-- WHAT TO WORK ON --
Would you output the entries below only from the line containing "[ix_ref] -> MATLAB Function9/20(ix_ref)" through the line containing "[iq_ref] -> MATLAB Function2/19(iq_ref)", exactly as they stand and with both ends included?

Dataset excerpts

■ ■ ■

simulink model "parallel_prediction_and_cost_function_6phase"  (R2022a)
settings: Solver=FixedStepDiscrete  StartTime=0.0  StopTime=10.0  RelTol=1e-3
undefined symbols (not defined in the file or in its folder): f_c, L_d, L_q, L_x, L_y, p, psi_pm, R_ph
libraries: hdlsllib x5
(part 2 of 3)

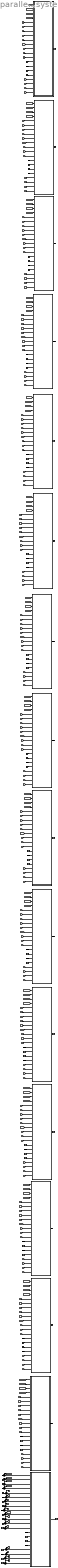
== system parallel_prediction_and_cost_function_6phase/Prediction_and_cost_function/Subsystem ==
  d_phase_voltage_per_switching_state : Inport
  q_phase_voltage_per_switching_state : Inport  Port=2
  x_phase_voltage_per_switching_state : Inport  Port=3
  y_phase_voltage_per_switching_state : Inport  Port=4
  d_phase_voltage_per_switching_state1 : Inport  Port=5
  q_phase_voltage_per_switching_state1 : Inport  Port=6
  x_phase_voltage_per_switching_state1 : Inport  Port=7
  y_phase_voltage_per_switching_state1 : Inport  Port=8
  d_phase_voltage_per_switching_state2 : Inport  Port=9
  q_phase_voltage_per_switching_state2 : Inport  Port=10
  x_phase_voltage_per_switching_state2 : Inport  Port=11
  y_phase_voltage_per_switching_state2 : Inport  Port=12
  d_phase_voltage_per_switching_state3 : Inport  Port=13
  q_phase_voltage_per_switching_state3 : Inport  Port=14
  x_phase_voltage_per_switching_state3 : Inport  Port=15
  y_phase_voltage_per_switching_state3 : Inport  Port=16
  d_phase_voltage_per_switching_state4 : Inport  Port=17
  q_phase_voltage_per_switching_state4 : Inport  Port=18
  x_phase_voltage_per_switching_state4 : Inport  Port=19
  y_phase_voltage_per_switching_state4 : Inport  Port=20
  d_phase_voltage_per_switching_state5 : Inport  Port=21
  q_phase_voltage_per_switching_state5 : Inport  Port=22
  x_phase_voltage_per_switching_state5 : Inport  Port=23
  y_phase_voltage_per_switching_state5 : Inport  Port=24
  d_phase_voltage_per_switching_state6 : Inport  Port=25
  q_phase_voltage_per_switching_state6 : Inport  Port=26
  x_phase_voltage_per_switching_state6 : Inport  Port=27
  y_phase_voltage_per_switching_state6 : Inport  Port=28
  d_phase_voltage_per_switching_state7 : Inport  Port=29
  q_phase_voltage_per_switching_state7 : Inport  Port=30
  x_phase_voltage_per_switching_state7 : Inport  Port=31
  y_phase_voltage_per_switching_state7 : Inport  Port=32
  d_phase_voltage_per_switching_state8 : Inport  Port=33
  q_phase_voltage_per_switching_state8 : Inport  Port=34
  x_phase_voltage_per_switching_state8 : Inport  Port=35
  y_phase_voltage_per_switching_state8 : Inport  Port=36
  d_phase_voltage_per_switching_state9 : Inport  Port=37
  q_phase_voltage_per_switching_state9 : Inport  Port=38
  x_phase_voltage_per_switching_state9 : Inport  Port=39
  y_phase_voltage_per_switching_state9 : Inport  Port=40
  d_phase_voltage_per_switching_state10 : Inport  Port=41
  q_phase_voltage_per_switching_state10 : Inport  Port=42
  x_phase_voltage_per_switching_state10 : Inport  Port=43
  y_phase_voltage_per_switching_state10 : Inport  Port=44
  d_phase_voltage_per_switching_state11 : Inport  Port=45
  q_phase_voltage_per_switching_state11 : Inport  Port=46
  x_phase_voltage_per_switching_state11 : Inport  Port=47
  y_phase_voltage_per_switching_state11 : Inport  Port=48
  d_phase_voltage_per_switching_state12 : Inport  Port=49
  q_phase_voltage_per_switching_state12 : Inport  Port=50
  x_phase_voltage_per_switching_state12 : Inport  Port=51
  y_phase_voltage_per_switching_state12 : Inport  Port=52
  d_phase_voltage_per_switching_state13 : Inport  Port=53
  q_phase_voltage_per_switching_state13 : Inport  Port=54
  x_phase_voltage_per_switching_state13 : Inport  Port=55
  y_phase_voltage_per_switching_state13 : Inport  Port=56
  d_phase_voltage_per_switching_state14 : Inport  Port=57
  q_phase_voltage_per_switching_state14 : Inport  Port=58
  x_phase_voltage_per_switching_state14 : Inport  Port=59
  y_phase_voltage_per_switching_state14 : Inport  Port=60
  SampleTime_div_Ld15 : Inport  Port=61
  SampleTime_div_Lq15 : Inport  Port=62
  SampleTime_div_Lx15 : Inport  Port=63
  SampleTime_div_Ly15 : Inport  Port=64
  id_k_16 : Inport  Port=65
  iq_k_16 : Inport  Port=66
  ix_k_16 : Inport  Port=67
  iy_k_16 : Inport  Port=68
  Rs15 : Inport  Port=69
  omega_el15 : Inport  Port=70
  Lq15 : Inport  Port=71
  Ld15 : Inport  Port=72
  psiPM15 : Inport  Port=73
  d_phase_voltage_per_switching_state15 : Inport  Port=74
  q_phase_voltage_per_switching_state15 : Inport  Port=75
  x_phase_voltage_per_switching_state15 : Inport  Port=76
  y_phase_voltage_per_switching_state15 : Inport  Port=77
  id_ref15 : Inport  Port=78
  iq_ref15 : Inport  Port=79
  ix_ref15 : Inport  Port=80
  iy_ref15 : Inport  Port=81
  MATLAB Function : MATLAB Function  TreatAsAtomicUnit=on
  MATLAB Function1 : MATLAB Function  TreatAsAtomicUnit=on
  MATLAB Function10 : MATLAB Function  TreatAsAtomicUnit=on
  MATLAB Function11 : MATLAB Function  TreatAsAtomicUnit=on
  MATLAB Function12 : MATLAB Function  TreatAsAtomicUnit=on
  MATLAB Function13 : MATLAB Function  TreatAsAtomicUnit=on
  MATLAB Function14 : MATLAB Function  TreatAsAtomicUnit=on
  MATLAB Function15 : MATLAB Function  TreatAsAtomicUnit=on
  MATLAB Function2 : MATLAB Function  TreatAsAtomicUnit=on
  MATLAB Function3 : MATLAB Function  TreatAsAtomicUnit=on
  MATLAB Function4 : MATLAB Function  TreatAsAtomicUnit=on
  MATLAB Function5 : MATLAB Function  TreatAsAtomicUnit=on
  MATLAB Function6 : MATLAB Function  TreatAsAtomicUnit=on
  MATLAB Function7 : MATLAB Function  TreatAsAtomicUnit=on
  MATLAB Function8 : MATLAB Function  TreatAsAtomicUnit=on
  MATLAB Function9 : MATLAB Function  TreatAsAtomicUnit=on
  J : Outport
  J1 : Outport  Port=2
  J2 : Outport  Port=3
  J3 : Outport  Port=4
  J4 : Outport  Port=5
  J5 : Outport  Port=6
  J6 : Outport  Port=7
  J7 : Outport  Port=8
  J8 : Outport  Port=9
  J9 : Outport  Port=10
  J10 : Outport  Port=11
  J11 : Outport  Port=12
  J12 : Outport  Port=13
  J13 : Outport  Port=14
  J14 : Outport  Port=15
  J15 : Outport  Port=16
  wires:
  d_phase_voltage_per_switching_state13/1 -> MATLAB Function2/14(d_phase_voltage_per_switching_state)
  q_phase_voltage_per_switching_state1/1 -> MATLAB Function14/15(q_phase_voltage_per_switching_state)
  [SampleTime_div_Ld] -> MATLAB Function15/1(SampleTime_div_Ld)
  x_phase_voltage_per_switching_state12/1 -> MATLAB Function3/16(x_phase_voltage_per_switching_state)
  [SampleTime_div_Lx] -> MATLAB Function10/3(SampleTime_div_Lx)
  SampleTime_div_Ly15/1 -> [SampleTime_div_Ly], MATLAB Function/4(SampleTime_div_Ly)
  iq_k_16/1 -> [iq_k], MATLAB Function/6(iq_k_1)
  Rs15/1 -> [Rs], MATLAB Function/9(Rs)
  iy_k_16/1 -> [iy_k], MATLAB Function/8(iy_k_1)
  MATLAB Function/1(J) -> J15/1
  y_phase_voltage_per_switching_state/1 -> MATLAB Function15/17(y_phase_voltage_per_switching_state)
  Lq15/1 -> [Lq], MATLAB Function/11(Lq)
  x_phase_voltage_per_switching_state15/1 -> MATLAB Function/16(x_phase_voltage_per_switching_state)
  MATLAB Function11/1(J) -> J4/1
  SampleTime_div_Lq15/1 -> [SampleTime_div_Lq], MATLAB Function/2(SampleTime_div_Lq)
  MATLAB Function4/1(J) -> J11/1
  y_phase_voltage_per_switching_state2/1 -> MATLAB Function13/17(y_phase_voltage_per_switching_state)
  d_phase_voltage_per_switching_state1/1 -> MATLAB Function14/14(d_phase_voltage_per_switching_state)
  iq_ref15/1 -> [iq_ref], MATLAB Function/19(iq_ref)
  SampleTime_div_Lx15/1 -> [SampleTime_div_Lx], MATLAB Function/3(SampleTime_div_Lx)
  d_phase_voltage_per_switching_state15/1 -> MATLAB Function/14(d_phase_voltage_per_switching_state)
  x_phase_voltage_per_switching_state1/1 -> MATLAB Function14/16(x_phase_voltage_per_switching_state)
  y_phase_voltage_per_switching_state7/1 -> MATLAB Function8/17(y_phase_voltage_per_switching_state)
  iy_ref15/1 -> [iy_ref], MATLAB Function/21(iy_ref)
  id_ref15/1 -> [id_ref], MATLAB Function/18(id_ref)
  id_k_16/1 -> [id_k], MATLAB Function/5(id_k_1)
  omega_el15/1 -> [omega_el], MATLAB Function/10(omega_el)
  ix_k_16/1 -> [ix_k], MATLAB Function/7(ix_k_1)
  psiPM15/1 -> [psiPM], MATLAB Function/13(psiPM)
  [iq_k] -> MATLAB Function10/6(iq_k_1)
  MATLAB Function1/1(J) -> J14/1
  ix_ref15/1 -> [ix_ref], MATLAB Function/20(ix_ref)
  d_phase_voltage_per_switching_state3/1 -> MATLAB Function12/14(d_phase_voltage_per_switching_state)
  SampleTime_div_Ld15/1 -> [SampleTime_div_Ld], MATLAB Function/1(SampleTime_div_Ld)
  d_phase_voltage_per_switching_state6/1 -> MATLAB Function9/14(d_phase_voltage_per_switching_state)
  x_phase_voltage_per_switching_state9/1 -> MATLAB Function6/16(x_phase_voltage_per_switching_state)
  d_phase_voltage_per_switching_state/1 -> MATLAB Function15/14(d_phase_voltage_per_switching_state)
  x_phase_voltage_per_switching_state3/1 -> MATLAB Function12/16(x_phase_voltage_per_switching_state)
  y_phase_voltage_per_switching_state15/1 -> MATLAB Function/17(y_phase_voltage_per_switching_state)
  d_phase_voltage_per_switching_state2/1 -> MATLAB Function13/14(d_phase_voltage_per_switching_state)
  q_phase_voltage_per_switching_state15/1 -> MATLAB Function/15(q_phase_voltage_per_switching_state)
  x_phase_voltage_per_switching_state8/1 -> MATLAB Function7/16(x_phase_voltage_per_switching_state)
  y_phase_voltage_per_switching_state9/1 -> MATLAB Function6/17(y_phase_voltage_per_switching_state)
  x_phase_voltage_per_switching_state4/1 -> MATLAB Function11/16(x_phase_voltage_per_switching_state)
  y_phase_voltage_per_switching_state1/1 -> MATLAB Function14/17(y_phase_voltage_per_switching_state)
  MATLAB Function14/1(J) -> J1/1
  MATLAB Function8/1(J) -> J7/1
  [ix_ref] -> MATLAB Function2/20(ix_ref)
  q_phase_voltage_per_switching_state2/1 -> MATLAB Function13/15(q_phase_voltage_per_switching_state)
  x_phase_voltage_per_switching_state2/1 -> MATLAB Function13/16(x_phase_voltage_per_switching_state)
  [iq_ref] -> MATLAB Function9/19(iq_ref)
  MATLAB Function13/1(J) -> J2/1
  y_phase_voltage_per_switching_state11/1 -> MATLAB Function4/17(y_phase_voltage_per_switching_state)
  [SampleTime_div_Ly] -> MATLAB Function10/4(SampleTime_div_Ly)
  y_phase_voltage_per_switching_state4/1 -> MATLAB Function11/17(y_phase_voltage_per_switching_state)
  x_phase_voltage_per_switching_state/1 -> MATLAB Function15/16(x_phase_voltage_per_switching_state)
  d_phase_voltage_per_switching_state14/1 -> MATLAB Function1/14(d_phase_voltage_per_switching_state)
  q_phase_voltage_per_switching_state9/1 -> MATLAB Function6/15(q_phase_voltage_per_switching_state)
  q_phase_voltage_per_switching_state5/1 -> MATLAB Function10/15(q_phase_voltage_per_switching_state)
  d_phase_voltage_per_switching_state10/1 -> MATLAB Function5/14(d_phase_voltage_per_switching_state)
  x_phase_voltage_per_switching_state14/1 -> MATLAB Function1/16(x_phase_voltage_per_switching_state)
  y_phase_voltage_per_switching_state14/1 -> MATLAB Function1/17(y_phase_voltage_per_switching_state)
  q_phase_voltage_per_switching_state14/1 -> MATLAB Function1/15(q_phase_voltage_per_switching_state)
  [iy_k] -> MATLAB Function10/8(iy_k_1)
  q_phase_voltage_per_switching_state11/1 -> MATLAB Function4/15(q_phase_voltage_per_switching_state)
  x_phase_voltage_per_switching_state11/1 -> MATLAB Function4/16(x_phase_voltage_per_switching_state)
  d_phase_voltage_per_switching_state11/1 -> MATLAB Function4/14(d_phase_voltage_per_switching_state)
  MATLAB Function2/1(J) -> J13/1
  y_phase_voltage_per_switching_state12/1 -> MATLAB Function3/17(y_phase_voltage_per_switching_state)
  x_phase_voltage_per_switching_state13/1 -> MATLAB Function2/16(x_phase_voltage_per_switching_state)
  [SampleTime_div_Ld] -> MATLAB Function12/1(SampleTime_div_Ld)
  [id_ref] -> MATLAB Function2/18(id_ref)
  d_phase_voltage_per_switching_state9/1 -> MATLAB Function6/14(d_phase_voltage_per_switching_state)
  MATLAB Function6/1(J) -> J9/1
  d_phase_voltage_per_switching_state7/1 -> MATLAB Function8/14(d_phase_voltage_per_switching_state)
  d_phase_voltage_per_switching_state4/1 -> MATLAB Function11/14(d_phase_voltage_per_switching_state)
  q_phase_voltage_per_switching_state4/1 -> MATLAB Function11/15(q_phase_voltage_per_switching_state)
  q_phase_voltage_per_switching_state12/1 -> MATLAB Function3/15(q_phase_voltage_per_switching_state)
  [iy_ref] -> MATLAB Function2/21(iy_ref)
  d_phase_voltage_per_switching_state8/1 -> MATLAB Function7/14(d_phase_voltage_per_switching_state)
  x_phase_voltage_per_switching_state5/1 -> MATLAB Function10/16(x_phase_voltage_per_switching_state)
  d_phase_voltage_per_switching_state12/1 -> MATLAB Function3/14(d_phase_voltage_per_switching_state)
  MATLAB Function3/1(J) -> J12/1
  [SampleTime_div_Lx] -> MATLAB Function15/3(SampleTime_div_Lx)
  [SampleTime_div_Ly] -> MATLAB Function15/4(SampleTime_div_Ly)
  [SampleTime_div_Lq] -> MATLAB Function15/2(SampleTime_div_Lq)
  [SampleTime_div_Ld] -> MATLAB Function10/1(SampleTime_div_Ld)
  [SampleTime_div_Lx] -> MATLAB Function12/3(SampleTime_div_Lx)
  [SampleTime_div_Lq] -> MATLAB Function10/2(SampleTime_div_Lq)
  x_phase_voltage_per_switching_state7/1 -> MATLAB Function8/16(x_phase_voltage_per_switching_state)
  q_phase_voltage_per_switching_state/1 -> MATLAB Function15/15(q_phase_voltage_per_switching_state)
  [SampleTime_div_Lq] -> MATLAB Function12/2(SampleTime_div_Lq)
  MATLAB Function15/1(J) -> J/1
  [id_k] -> MATLAB Function10/5(id_k_1)
  [ix_k] -> MATLAB Function10/7(ix_k_1)
  d_phase_voltage_per_switching_state5/1 -> MATLAB Function10/14(d_phase_voltage_per_switching_state)
  q_phase_voltage_per_switching_state13/1 -> MATLAB Function2/15(q_phase_voltage_per_switching_state)
  MATLAB Function10/1(J) -> J5/1
  y_phase_voltage_per_switching_state5/1 -> MATLAB Function10/17(y_phase_voltage_per_switching_state)
  MATLAB Function5/1(J) -> J10/1
  q_phase_voltage_per_switching_state6/1 -> MATLAB Function9/15(q_phase_voltage_per_switching_state)
  y_phase_voltage_per_switching_state6/1 -> MATLAB Function9/17(y_phase_voltage_per_switching_state)
  [ix_ref] -> MATLAB Function9/20(ix_ref)
  [id_ref] -> MATLAB Function9/18(id_ref)
  x_phase_voltage_per_switching_state6/1 -> MATLAB Function9/16(x_phase_voltage_per_switching_state)
  MATLAB Function9/1(J) -> J6/1
  [iy_ref] -> MATLAB Function9/21(iy_ref)
  y_phase_voltage_per_switching_state8/1 -> MATLAB Function7/17(y_phase_voltage_per_switching_state)
  MATLAB Function12/1(J) -> J3/1
  q_phase_voltage_per_switching_state8/1 -> MATLAB Function7/15(q_phase_voltage_per_switching_state)
  y_phase_voltage_per_switching_state13/1 -> MATLAB Function2/17(y_phase_voltage_per_switching_state)
  MATLAB Function7/1(J) -> J8/1
  q_phase_voltage_per_switching_state7/1 -> MATLAB Function8/15(q_phase_voltage_per_switching_state)
  [iq_ref] -> MATLAB Function2/19(iq_ref)
  [SampleTime_div_Ly] -> MATLAB Function12/4(SampleTime_div_Ly)
  x_phase_voltage_per_switching_state10/1 -> MATLAB Function5/16(x_phase_voltage_per_switching_state)
  q_phase_voltage_per_switching_state10/1 -> MATLAB Function5/15(q_phase_voltage_per_switching_state)
  y_phase_voltage_per_switching_state10/1 -> MATLAB Function5/17(y_phase_voltage_per_switching_state)
  y_phase_voltage_per_switching_state3/1 -> MATLAB Function12/17(y_phase_voltage_per_switching_state)
  q_phase_voltage_per_switching_state3/1 -> MATLAB Function12/15(q_phase_voltage_per_switching_state)
  [SampleTime_div_Ld] -> MATLAB Function1/1(SampleTime_div_Ld)
  [SampleTime_div_Ld] -> MATLAB Function2/1(SampleTime_div_Ld)
  [SampleTime_div_Ld] -> MATLAB Function3/1(SampleTime_div_Ld)
  [SampleTime_div_Ld] -> MATLAB Function4/1(SampleTime_div_Ld)
  [SampleTime_div_Ld] -> MATLAB Function6/1(SampleTime_div_Ld)
  [SampleTime_div_Ld] -> MATLAB Function5/1(SampleTime_div_Ld)
  [SampleTime_div_Ld] -> MATLAB Function7/1(SampleTime_div_Ld)
  [SampleTime_div_Ld] -> MATLAB Function8/1(SampleTime_div_Ld)
  [SampleTime_div_Ld] -> MATLAB Function9/1(SampleTime_div_Ld)
  [SampleTime_div_Ld] -> MATLAB Function11/1(SampleTime_div_Ld)
  [SampleTime_div_Ld] -> MATLAB Function13/1(SampleTime_div_Ld)
  [SampleTime_div_Ld] -> MATLAB Function14/1(SampleTime_div_Ld)
  [SampleTime_div_Lq] -> MATLAB Function1/2(SampleTime_div_Lq)
  [SampleTime_div_Lq] -> MATLAB Function2/2(SampleTime_div_Lq)
  [SampleTime_div_Lq] -> MATLAB Function3/2(SampleTime_div_Lq)
  [SampleTime_div_Lq] -> MATLAB Function4/2(SampleTime_div_Lq)
  [SampleTime_div_Lq] -> MATLAB Function5/2(SampleTime_div_Lq)
  [SampleTime_div_Lq] -> MATLAB Function6/2(SampleTime_div_Lq)
  [SampleTime_div_Lq] -> MATLAB Function7/2(SampleTime_div_Lq)
  [SampleTime_div_Lq] -> MATLAB Function8/2(SampleTime_div_Lq)
  [SampleTime_div_Lq] -> MATLAB Function9/2(SampleTime_div_Lq)
  [SampleTime_div_Lq] -> MATLAB Function11/2(SampleTime_div_Lq)
  [SampleTime_div_Lq] -> MATLAB Function13/2(SampleTime_div_Lq)
  [SampleTime_div_Lq] -> MATLAB Function14/2(SampleTime_div_Lq)
  [SampleTime_div_Lx] -> MATLAB Function1/3(SampleTime_div_Lx)
  [SampleTime_div_Lx] -> MATLAB Function2/3(SampleTime_div_Lx)
  [SampleTime_div_Lx] -> MATLAB Function3/3(SampleTime_div_Lx)
  [SampleTime_div_Lx] -> MATLAB Function4/3(SampleTime_div_Lx)
  [SampleTime_div_Lx] -> MATLAB Function5/3(SampleTime_div_Lx)
  [SampleTime_div_Lx] -> MATLAB Function6/3(SampleTime_div_Lx)
  [SampleTime_div_Lx] -> MATLAB Function7/3(SampleTime_div_Lx)
  [SampleTime_div_Lx] -> MATLAB Function8/3(SampleTime_div_Lx)
  [SampleTime_div_Lx] -> MATLAB Function9/3(SampleTime_div_Lx)
  [SampleTime_div_Lx] -> MATLAB Function11/3(SampleTime_div_Lx)
  [SampleTime_div_Lx] -> MATLAB Function13/3(SampleTime_div_Lx)
  [SampleTime_div_Lx] -> MATLAB Function14/3(SampleTime_div_Lx)
  [SampleTime_div_Ly] -> MATLAB Function1/4(SampleTime_div_Ly)
  [SampleTime_div_Ly] -> MATLAB Function2/4(SampleTime_div_Ly)
  [SampleTime_div_Ly] -> MATLAB Function3/4(SampleTime_div_Ly)
  [SampleTime_div_Ly] -> MATLAB Function4/4(SampleTime_div_Ly)
  [SampleTime_div_Ly] -> MATLAB Function5/4(SampleTime_div_Ly)
  [SampleTime_div_Ly] -> MATLAB Function6/4(SampleTime_div_Ly)
  [SampleTime_div_Ly] -> MATLAB Function7/4(SampleTime_div_Ly)
  [SampleTime_div_Ly] -> MATLAB Function8/4(SampleTime_div_Ly)
  [SampleTime_div_Ly] -> MATLAB Function9/4(SampleTime_div_Ly)
  [SampleTime_div_Ly] -> MATLAB Function11/4(SampleTime_div_Ly)
  [SampleTime_div_Ly] -> MATLAB Function13/4(SampleTime_div_Ly)
  [SampleTime_div_Ly] -> MATLAB Function14/4(SampleTime_div_Ly)
  [id_k] -> MATLAB Function1/5(id_k_1)
  [iq_k] -> MATLAB Function1/6(iq_k_1)
  [ix_k] -> MATLAB Function1/7(ix_k_1)
  [iy_k] -> MATLAB Function1/8(iy_k_1)
  [Rs] -> MATLAB Function1/9(Rs)
  [omega_el] -> MATLAB Function1/10(omega_el)
  [Lq] -> MATLAB Function1/11(Lq)
  Ld15/1 -> [Ld], MATLAB Function/12(Ld)
  [Ld] -> MATLAB Function1/12(Ld)
  [psiPM] -> MATLAB Function1/13(psiPM)
  [id_ref] -> MATLAB Function1/18(id_ref)
  [iq_ref] -> MATLAB Function1/19(iq_ref)
  [ix_ref] -> MATLAB Function1/20(ix_ref)
  [iy_ref] -> MATLAB Function1/21(iy_ref)
  [Ld] -> MATLAB Function2/12(Ld)
  [omega_el] -> MATLAB Function2/10(omega_el)
  [iy_k] -> MATLAB Function2/8(iy_k_1)
  [Lq] -> MATLAB Function2/11(Lq)
  [psiPM] -> MATLAB Function2/13(psiPM)
  [iq_k] -> MATLAB Function2/6(iq_k_1)
  [id_k] -> MATLAB Function2/5(id_k_1)
  [ix_k] -> MATLAB Function2/7(ix_k_1)
  [Rs] -> MATLAB Function2/9(Rs)
  [Ld] -> MATLAB Function3/12(Ld)
  [omega_el] -> MATLAB Function3/10(omega_el)
  [iy_k] -> MATLAB Function3/8(iy_k_1)
  [Lq] -> MATLAB Function3/11(Lq)
  [psiPM] -> MATLAB Function3/13(psiPM)
  [iq_ref] -> MATLAB Function3/19(iq_ref)
  [iq_k] -> MATLAB Function3/6(iq_k_1)
  [id_k] -> MATLAB Function3/5(id_k_1)
  [iy_ref] -> MATLAB Function3/21(iy_ref)
  [ix_k] -> MATLAB Function3/7(ix_k_1)
  [Rs] -> MATLAB Function3/9(Rs)
  [id_ref] -> MATLAB Function3/18(id_ref)
  [ix_ref] -> MATLAB Function3/20(ix_ref)
  [Ld] -> MATLAB Function4/12(Ld)
  [omega_el] -> MATLAB Function4/10(omega_el)
  [iy_k] -> MATLAB Function4/8(iy_k_1)
  [Lq] -> MATLAB Function4/11(Lq)
  [psiPM] -> MATLAB Function4/13(psiPM)
  [iq_ref] -> MATLAB Function4/19(iq_ref)
  [iq_k] -> MATLAB Function4/6(iq_k_1)
  [id_k] -> MATLAB Function4/5(id_k_1)
  [iy_ref] -> MATLAB Function4/21(iy_ref)
  [ix_k] -> MATLAB Function4/7(ix_k_1)
  [Rs] -> MATLAB Function4/9(Rs)
  [id_ref] -> MATLAB Function4/18(id_ref)
  [ix_ref] -> MATLAB Function4/20(ix_ref)
  [Ld] -> MATLAB Function5/12(Ld)
  [omega_el] -> MATLAB Function5/10(omega_el)
  [iy_k] -> MATLAB Function5/8(iy_k_1)
  [Lq] -> MATLAB Function5/11(Lq)
  [psiPM] -> MATLAB Function5/13(psiPM)
  [iq_ref] -> MATLAB Function5/19(iq_ref)
  [iq_k] -> MATLAB Function5/6(iq_k_1)
  [id_k] -> MATLAB Function5/5(id_k_1)
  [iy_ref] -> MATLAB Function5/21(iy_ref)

■ ■ ■

-- EXERCISE SOLUTION --
  [ix_ref] -> MATLAB Function9/20(ix_ref)
  [id_ref] -> MATLAB Function9/18(id_ref)
  x_phase_voltage_per_switching_state6/1 -> MATLAB Function9/16(x_phase_voltage_per_switching_state)
  MATLAB Function9/1(J) -> J6/1
  [iy_ref] -> MATLAB Function9/21(iy_ref)
  y_phase_voltage_per_switching_state8/1 -> MATLAB Function7/17(y_phase_voltage_per_switching_state)
  MATLAB Function12/1(J) -> J3/1
  q_phase_voltage_per_switching_state8/1 -> MATLAB Function7/15(q_phase_voltage_per_switching_state)
  y_phase_voltage_per_switching_state13/1 -> MATLAB Function2/17(y_phase_voltage_per_switching_state)
  MATLAB Function7/1(J) -> J8/1
  q_phase_voltage_per_switching_state7/1 -> MATLAB Function8/15(q_phase_voltage_per_switching_state)
  [iq_ref] -> MATLAB Function2/19(iq_ref)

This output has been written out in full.